_Aim of the exercise_
Note each line of the entries that includes "blocks". Then copy those lines.

Dataset items:
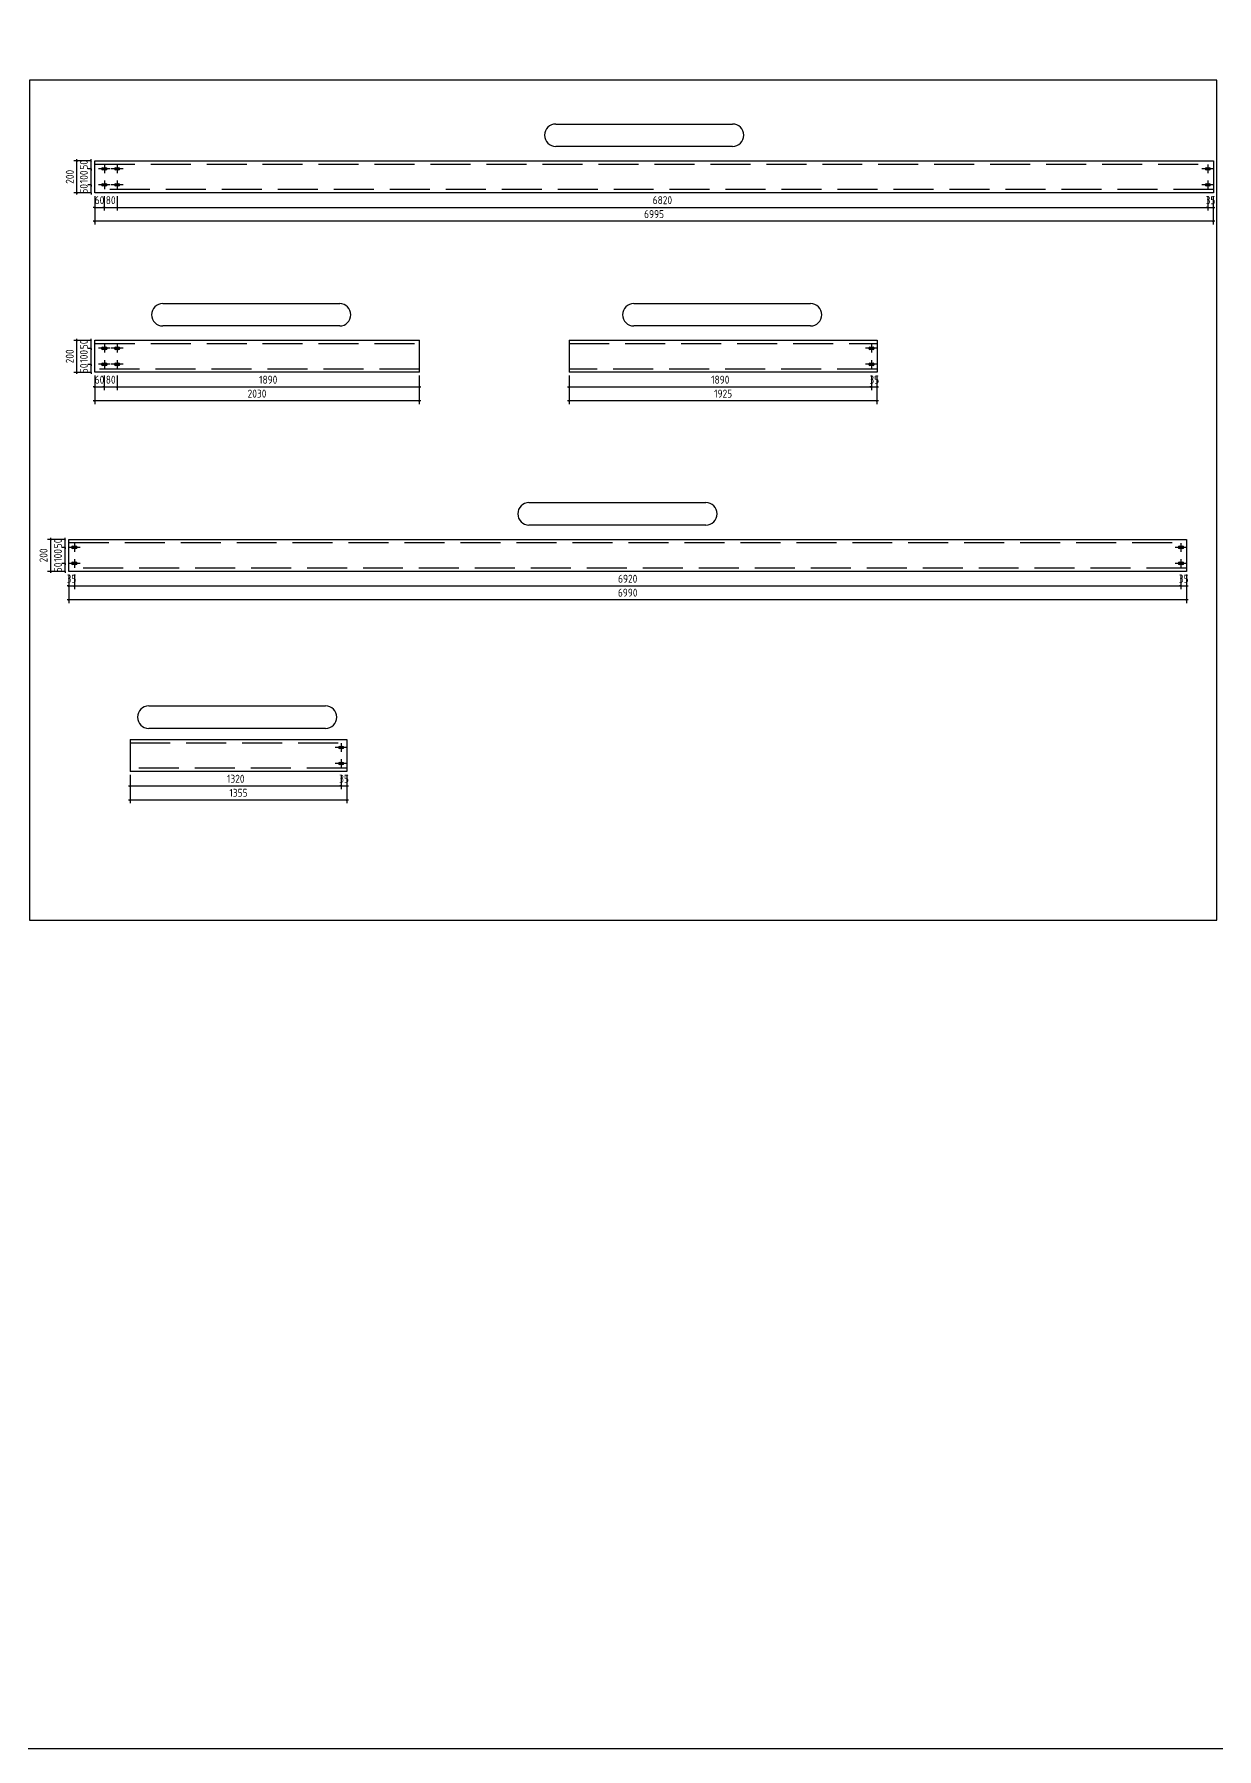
# Model space of a CAD drawing. Extents: x 102162 to 621267, y -39398 to 328893.
# Drawn here: x 391128 to 398523, y 86172 to 96887 of the extents above; entities that cross this region are included whole.
import ezdxf

# ---------------------------------------------------------------- set-up
doc = ezdxf.new("R2010")
doc.units = 0
doc.header["$LTSCALE"] = 1000
doc.header["$MEASUREMENT"] = 0
doc.linetypes.add('DASH', pattern=[0.35, 0.25, -0.1])
doc.styles.get("Standard").update_dxf_attribs({"font": 'gbenor.shx', "bigfont": 'gbcbig.shx'})
doc.dimstyles.get("Standard").update_dxf_attribs({"dimscale": 100, "dimtxt": 3.5, "dimasz": 1, "dimexe": 2.5, "dimexo": 3, "dimgap": 1.5, "dimtad": 1, "dimdec": 0, "dimzin": 0, "dimdsep": 46, "dimtxsty": 'Standard', "dimblk": 'ARCHTICK', "dimcen": 0.09, "dimadec": 0, "dimazin": 0, "dimtfac": 1, "dimtdec": 0, "dimtix": 1, "dimtmove": 2, "dimatfit": 3, "dimfxl": 1, "dimtolj": 1, "dimtzin": 0, "dimarcsym": 0})

# ---------------------------------------------------------------- blocks, each defined once
blk = doc.blocks.new('_ArchTick')
at = {"color": 0, "linetype": 'ByBlock', "const_width": 0.4}
blk.add_lwpolyline([(-0.5, -0.5), (0.5, 0.5)], dxfattribs=at)
blk = doc.blocks.new('*D9410')
at = {"color": 0, "lineweight": -2}
for p, q in [((391506, 95805), (391496, 95805)), ((391506, 95876), (391506, 95785)), ((391506, 95805), (391566, 95805)), ((391566, 95876), (391566, 95785)), ((391566, 95805), (391576, 95805))]:
    blk.add_line(p, q, dxfattribs=at)
at = {"layer": 'Defpoints', "color": 0}
for p in [(391506, 95896), (391566, 95896), (391566, 95805)]:
    blk.add_point(p, dxfattribs=at)
at = {"color": 0, "lineweight": -2, "xscale": 10, "yscale": 10, "zscale": 10}
blk.add_blockref('_ArchTick', (391506, 95805), dxfattribs=at)
at = {"color": 0, "lineweight": -2, "xscale": 10, "yscale": 10, "zscale": 10, "rotation": 180}
blk.add_blockref('_ArchTick', (391566, 95805), dxfattribs=at)
at = {"color": 0, "insert": (391536, 95850), "char_height": 50, "attachment_point": 5}
blk.add_mtext('\\A1;60', dxfattribs=at)
blk = doc.blocks.new('*D9256')
at = {"color": 0, "lineweight": -2}
for p, q in [((391636, 95805), (398476, 95805)), ((391646, 95876), (391646, 95785)), ((398466, 95876), (398466, 95785))]:
    blk.add_line(p, q, dxfattribs=at)
at = {"layer": 'Defpoints', "color": 0}
for p in [(391646, 95896), (398466, 95896), (398466, 95805)]:
    blk.add_point(p, dxfattribs=at)
at = {"color": 0, "lineweight": -2, "xscale": 10, "yscale": 10, "zscale": 10, "rotation": 180}
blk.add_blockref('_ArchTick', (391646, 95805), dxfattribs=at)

_Answer to the problem_
# ---------------------------------------------------------------- blocks, each defined once
blk = doc.blocks.new('_ArchTick')
blk = doc.blocks.new('*D9410')
blk = doc.blocks.new('*D9256')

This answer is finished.